Known distance- shooting at orange dots on 3D animals
2 arrows per target- 25 targets
Scoring 12,10,8,5 All round circles- 12 ring is orange
3 to 4 shooters per group- groups will be busted

Classes
Open Money  $50 $500 first place with 10 shooters
Open Trophy $25
Pins                  $25
Novice              $25
Senior Open    $25
Women's Open $25
Women's Hunter $25
Kids < 12         $5
Youth 13-15   $10
Young Adult    $15

Max Distance
All Open and Pins     100 yards
Youth, Young Adult, Novice, Women Hunter  50 yards
Kids 30 yards

Pins, Womens hunter, Novice- fixed pins, no moveable sights


----------



## Brian from GA (Mar 14, 2012)

Distances

7,8,10,12 yards- 3/4" 12, 1.5" ten and 3 inch 8 ring
15,20,21,25,27,30- 1.375" twelve, 2.75" ten, 5.5" eight
32,35,37,40,42,45,47,50- 2" twelve, 4" ten, 8" eight
52,55,57,60,65,80- 2.5" twelve, 5" ten, 10" eight
100-  4" twelve, 8" ten and 16" eight.
Outside rings and in the target is a 5.

The fifty yard classes will shoot the same distances as the Open at the smaller two ring sizes and will then have 4 more 30 yrd shots at 4" ten, four 35 yd shots at a 4" ten, three 40 and three 45 yard shots at a 5" ten ring and a 50 yard shot at an 8" ten ring. 

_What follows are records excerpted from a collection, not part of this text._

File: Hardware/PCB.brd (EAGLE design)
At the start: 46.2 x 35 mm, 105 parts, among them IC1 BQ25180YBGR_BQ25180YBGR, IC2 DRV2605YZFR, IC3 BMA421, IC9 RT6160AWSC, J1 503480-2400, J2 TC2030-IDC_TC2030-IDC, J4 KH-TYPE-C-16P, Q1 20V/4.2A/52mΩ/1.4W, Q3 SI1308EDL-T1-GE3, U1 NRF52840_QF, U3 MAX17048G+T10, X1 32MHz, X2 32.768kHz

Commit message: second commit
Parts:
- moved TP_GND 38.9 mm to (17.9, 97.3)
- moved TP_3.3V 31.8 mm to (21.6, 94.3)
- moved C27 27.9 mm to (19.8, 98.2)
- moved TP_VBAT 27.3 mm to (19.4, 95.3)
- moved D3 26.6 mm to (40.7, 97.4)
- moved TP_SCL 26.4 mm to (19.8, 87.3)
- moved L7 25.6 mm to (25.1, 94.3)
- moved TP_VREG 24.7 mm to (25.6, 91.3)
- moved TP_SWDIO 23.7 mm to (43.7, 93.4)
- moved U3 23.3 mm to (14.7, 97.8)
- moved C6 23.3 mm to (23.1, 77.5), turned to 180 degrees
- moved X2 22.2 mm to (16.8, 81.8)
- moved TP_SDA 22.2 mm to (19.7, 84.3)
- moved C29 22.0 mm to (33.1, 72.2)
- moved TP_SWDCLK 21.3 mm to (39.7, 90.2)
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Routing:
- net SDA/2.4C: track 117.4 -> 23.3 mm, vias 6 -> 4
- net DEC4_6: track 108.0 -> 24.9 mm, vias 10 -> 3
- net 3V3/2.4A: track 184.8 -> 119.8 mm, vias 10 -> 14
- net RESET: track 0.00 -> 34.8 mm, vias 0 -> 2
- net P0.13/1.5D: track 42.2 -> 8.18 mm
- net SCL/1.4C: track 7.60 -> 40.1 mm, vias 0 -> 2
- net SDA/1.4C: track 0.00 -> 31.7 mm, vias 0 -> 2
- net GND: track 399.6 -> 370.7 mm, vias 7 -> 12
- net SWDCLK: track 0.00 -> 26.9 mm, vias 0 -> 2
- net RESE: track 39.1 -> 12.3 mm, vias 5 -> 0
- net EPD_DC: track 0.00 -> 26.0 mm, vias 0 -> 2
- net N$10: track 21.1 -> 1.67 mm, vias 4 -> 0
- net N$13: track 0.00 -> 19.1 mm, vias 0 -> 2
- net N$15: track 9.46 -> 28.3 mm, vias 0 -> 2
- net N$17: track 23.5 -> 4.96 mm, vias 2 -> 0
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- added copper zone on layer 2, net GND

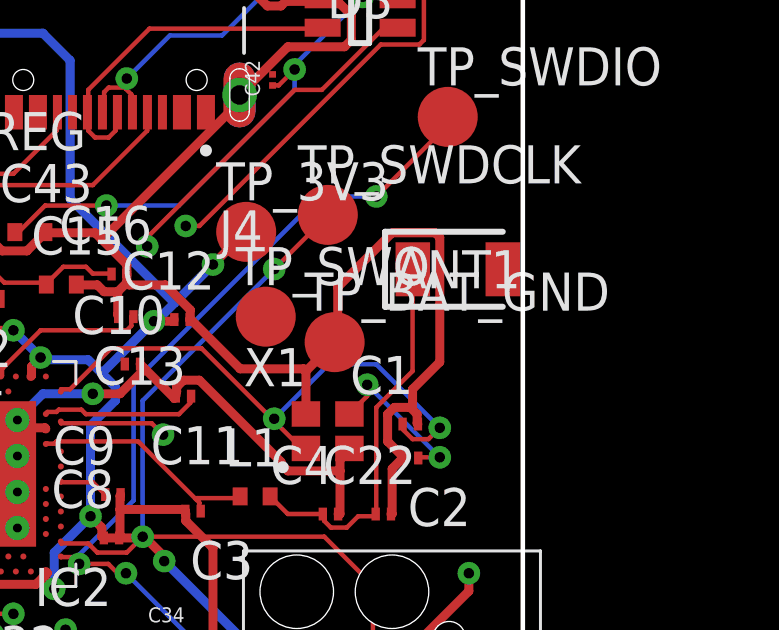
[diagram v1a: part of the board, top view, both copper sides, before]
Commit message: print out schematic
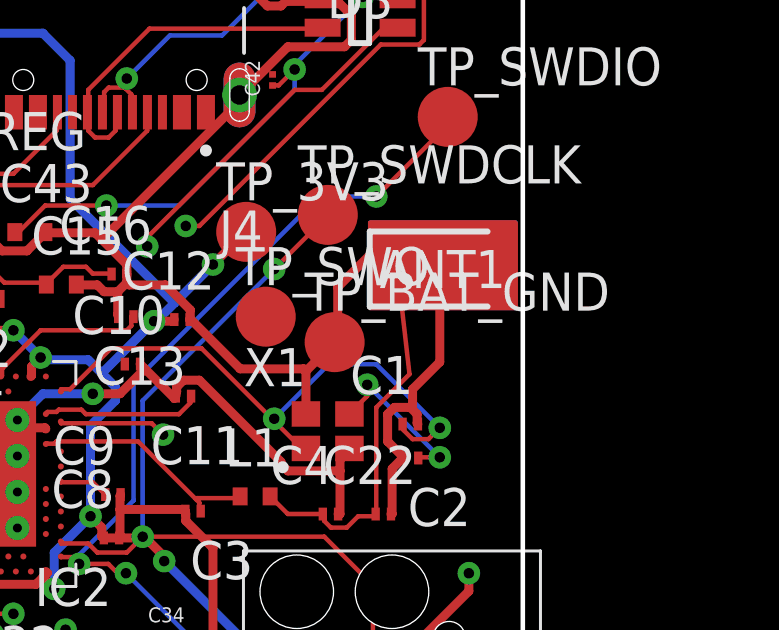
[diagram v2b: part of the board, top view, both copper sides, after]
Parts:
- moved ANT1 0.51 mm to (43.5, 88.4)
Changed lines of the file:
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@@
 <wire x1="38" y1="67" x2="38" y2="65" width="0.1524" layer="20"/>
 <wire x1="38" y1="65" x2="44.162278125" y2="65" width="0.1524" layer="20"/>
+<polygon width="0.1524" layer="2" pour="solid">
+<vertex x="41.0762" y="87.0762"/>
+<vertex x="45.9238" y="87.0762"/>
+<vertex x="45.9238" y="89.9238"/>
+<vertex x="41.0762" y="89.9238"/>
+</polygon>
+<polygon width="0.1524" layer="1" pour="solid">
+<vertex x="41.0762" y="87.0762"/>
+<vertex x="45.9238" y="87.0762"/>
+<vertex x="45.9238" y="89.9238"/>
+<vertex x="41.0762" y="89.9238"/>
+</polygon>
+<polygon width="0.1524" layer="15" pour="solid">
+<vertex x="41.0762" y="87.0762"/>
+<vertex x="45.9238" y="87.0762"/>
+<vertex x="45.9238" y="89.9238"/>
+<vertex x="41.0762" y="89.9238"/>
+</polygon>
+<polygon width="0.1524" layer="16" pour="solid">
+<vertex x="41.0762" y="87.0762"/>
+<vertex x="45.9238" y="87.0762"/>
+<vertex x="45.9238" y="89.9238"/>
+<vertex x="41.0762" y="89.9238"/>
+</polygon>
 </plain>
 <attributes>
@@
 <param name="checkPolygonWidth" value="0"/>
 <param name="useDiameter" value="13"/>
+<param name="flattenRefDes" value="0"/>
 <param name="maxErrors" value="50"/>
 </designrules>
@@
 </autorouter>
 <elements>
-<element name="ANT1" library="InkTime_v5" package="2450AT18B100E_ANTC3216X140N" value="2450AT18B100E_2450AT18B100E" x="43.99508125" y="88.37" smashed="yes">
-<attribute name="ARROW_PART_NUMBER" value="2450AT18B100E" x="145.59508125" y="-78" size="1.778" layer="27" display="off"/>
-<attribute name="ARROW_PRICE-STOCK" value="https://www.arrow.com/en/products/2450at18b100e/johanson-dielectrics?utm_currency=USD&amp;region=nac" x="145.59508125" y="-78" size="1.778" layer="27" display="off"/>
-<attribute name="DESCRIPTION" value="Antennas 2.45GHz ANTENNA" x="145.59508125" y="-78" size="1.778" layer="27" display="off"/>
-<attribute name="HEIGHT" value="1.4mm" x="145.59508125" y="-78" size="1.778" layer="27" display="off"/>
-<attribute name="MANUFACTURER_NAME" value="JOHANSON TECHNOLOGY" x="145.59508125" y="-78" size="1.778" layer="27" display="off"/>
-<attribute name="MANUFACTURER_PART_NUMBER" value="2450AT18B100E" x="145.59508125" y="-78" size="1.778" layer="27" display="off"/>
-<attribute name="MOUSER_PART_NUMBER" value="609-2450AT18B100E" x="145.59508125" y="-78" size="1.778" layer="27" display="off"/>
-<attribute name="MOUSER_PRICE-STOCK" value="https://www.mouser.co.uk/ProductDetail/Johanson-Technology/2450AT18B100E?qs=yCnrNFeXz%252Bh5MFsFIXGZGA%3D%3D" x="145.59508125" y="-78" size="1.778" layer="27" display="off"/>
-<attribute name="NAME" x="43.99508125" y="88.37" size="1.27" layer="25" align="center"/>
-<attribute name="VALUE" x="43.99508125" y="88.37" size="1.27" layer="27" align="center"/>
+<element name="ANT1" library="InkTime_v5" package="2450AT18B100E_ANTC3216X140N" value="2450AT18B100E_2450AT18B100E" x="43.485721875" y="88.37668125" smashed="yes">
+<attribute name="ARROW_PART_NUMBER" value="2450AT18B100E" x="145.085721875" y="-77.99331875" size="1.778" layer="27" display="off"/>
+<attribute name="ARROW_PRICE-STOCK" value="https://www.arrow.com/en/products/2450at18b100e/johanson-dielectrics?utm_currency=USD&amp;region=nac" x="145.085721875" y="-77.99331875" size="1.778" layer="27" display="off"/>
+<attribute name="DESCRIPTION" value="Antennas 2.45GHz ANTENNA" x="145.085721875" y="-77.99331875" size="1.778" layer="27" display="off"/>
+<attribute name="HEIGHT" value="1.4mm" x="145.085721875" y="-77.99331875" size="1.778" layer="27" display="off"/>
+<attribute name="MANUFACTURER_NAME" value="JOHANSON TECHNOLOGY" x="145.085721875" y="-77.99331875" size="1.778" layer="27" display="off"/>
+<attribute name="MANUFACTURER_PART_NUMBER" value="2450AT18B100E" x="145.085721875" y="-77.99331875" size="1.778" layer="27" display="off"/>
+<attribute name="MOUSER_PART_NUMBER" value="609-2450AT18B100E" x="145.085721875" y="-77.99331875" size="1.778" layer="27" display="off"/>
+<attribute name="MOUSER_PRICE-STOCK" value="https://www.mouser.co.uk/ProductDetail/Johanson-Technology/2450AT18B100E?qs=yCnrNFeXz%252Bh5MFsFIXGZGA%3D%3D" x="145.085721875" y="-77.99331875" size="1.778" layer="27" display="off"/>
+<attribute name="NAME" x="43.485721875" y="88.37668125" size="1.27" layer="25" align="center"/>
+<attribute name="VALUE" x="43.485721875" y="88.37668125" size="1.27" layer="27" align="center"/>
 </element>
 <element name="C1" library="InkTime_v5" package="NORDIC_NRF_3_RESC0201_L" value="12pF" x="42.41" y="83.21" smashed="yes">
@@
 <wire x1="41.202" y1="80.136" x2="41.2576" y2="80.21" width="0.15" layer="1"/>
 <wire x1="39.5388" y1="80.136" x2="39.495" y2="80.21" width="0.15" layer="1"/>
-<wire x1="42.4872" y1="84.9744" x2="42.4872" y2="88.3008" width="0.15" layer="1"/>
-<wire x1="41.2776" y1="83.7648" x2="42.4872" y2="84.9744" width="0.15" layer="1"/>
+<wire x1="41.2776" y1="83.7648" x2="42.384865625" y2="84.872065625" width="0.15" layer="1"/>
 <wire x1="41.2776" y1="80.2872" x2="41.2776" y2="83.7648" width="0.15" layer="1"/>
-<wire x1="42.4872" y1="88.3008" x2="42.49508125" y2="88.37" width="0.15" layer="1"/>
+<wire x1="42.384865625" y1="84.872065625" x2="41.985721875" y2="88.37668125" width="0.15" layer="1"/>
 <wire x1="41.2776" y1="80.2872" x2="41.2576" y2="80.21" width="0.15" layer="1"/>
 </signal>
@@
 <wire x1="30.618" y1="93.5928" x2="30.65" y2="93.6038" width="0.15" layer="1"/>
 </signal>
+<signal name="N$2">
+</signal>
 </signals>

Kids will shoot five 5 yarders, five 7 yarders, four 10s, four 15s, three 20s, three 25s and one 30 yarder.


----------



## Brian from GA (Mar 14, 2012)

We will try to create scenes at various targets. for example the 32,35 and 37 yard shots will all be feeding does with other deer in the scene.... don't shoot a deer without an orange dot 

Please list comments and questions here.... thanks


----------



## BlakeB (Mar 14, 2012)

Should I shoot a green bow or a black bow?


----------



## Brian from GA (Mar 14, 2012)

Either as long as it has 72% letoff and a solid back wall.


----------



## rednekbowhunter (Mar 14, 2012)

shoot the xs right!


----------



## Brian from GA (Mar 14, 2012)

Touch the Orange Runny. Just touch it. We aren't going to put an x in the middle just cause of you.


----------



## Daniel W. (Mar 14, 2012)

Where is this shoot being held?  Do you have a flyer or registration form?

Thanks,
Daniel


----------



## Brian from GA (Mar 15, 2012)

It is in Shiloh, GA which is 20 minutes north of Columbus. No registration form. I'm working on the flyer but waiting to see if I can get a title sponsor to pay the guaranteed $500 before I print everything. 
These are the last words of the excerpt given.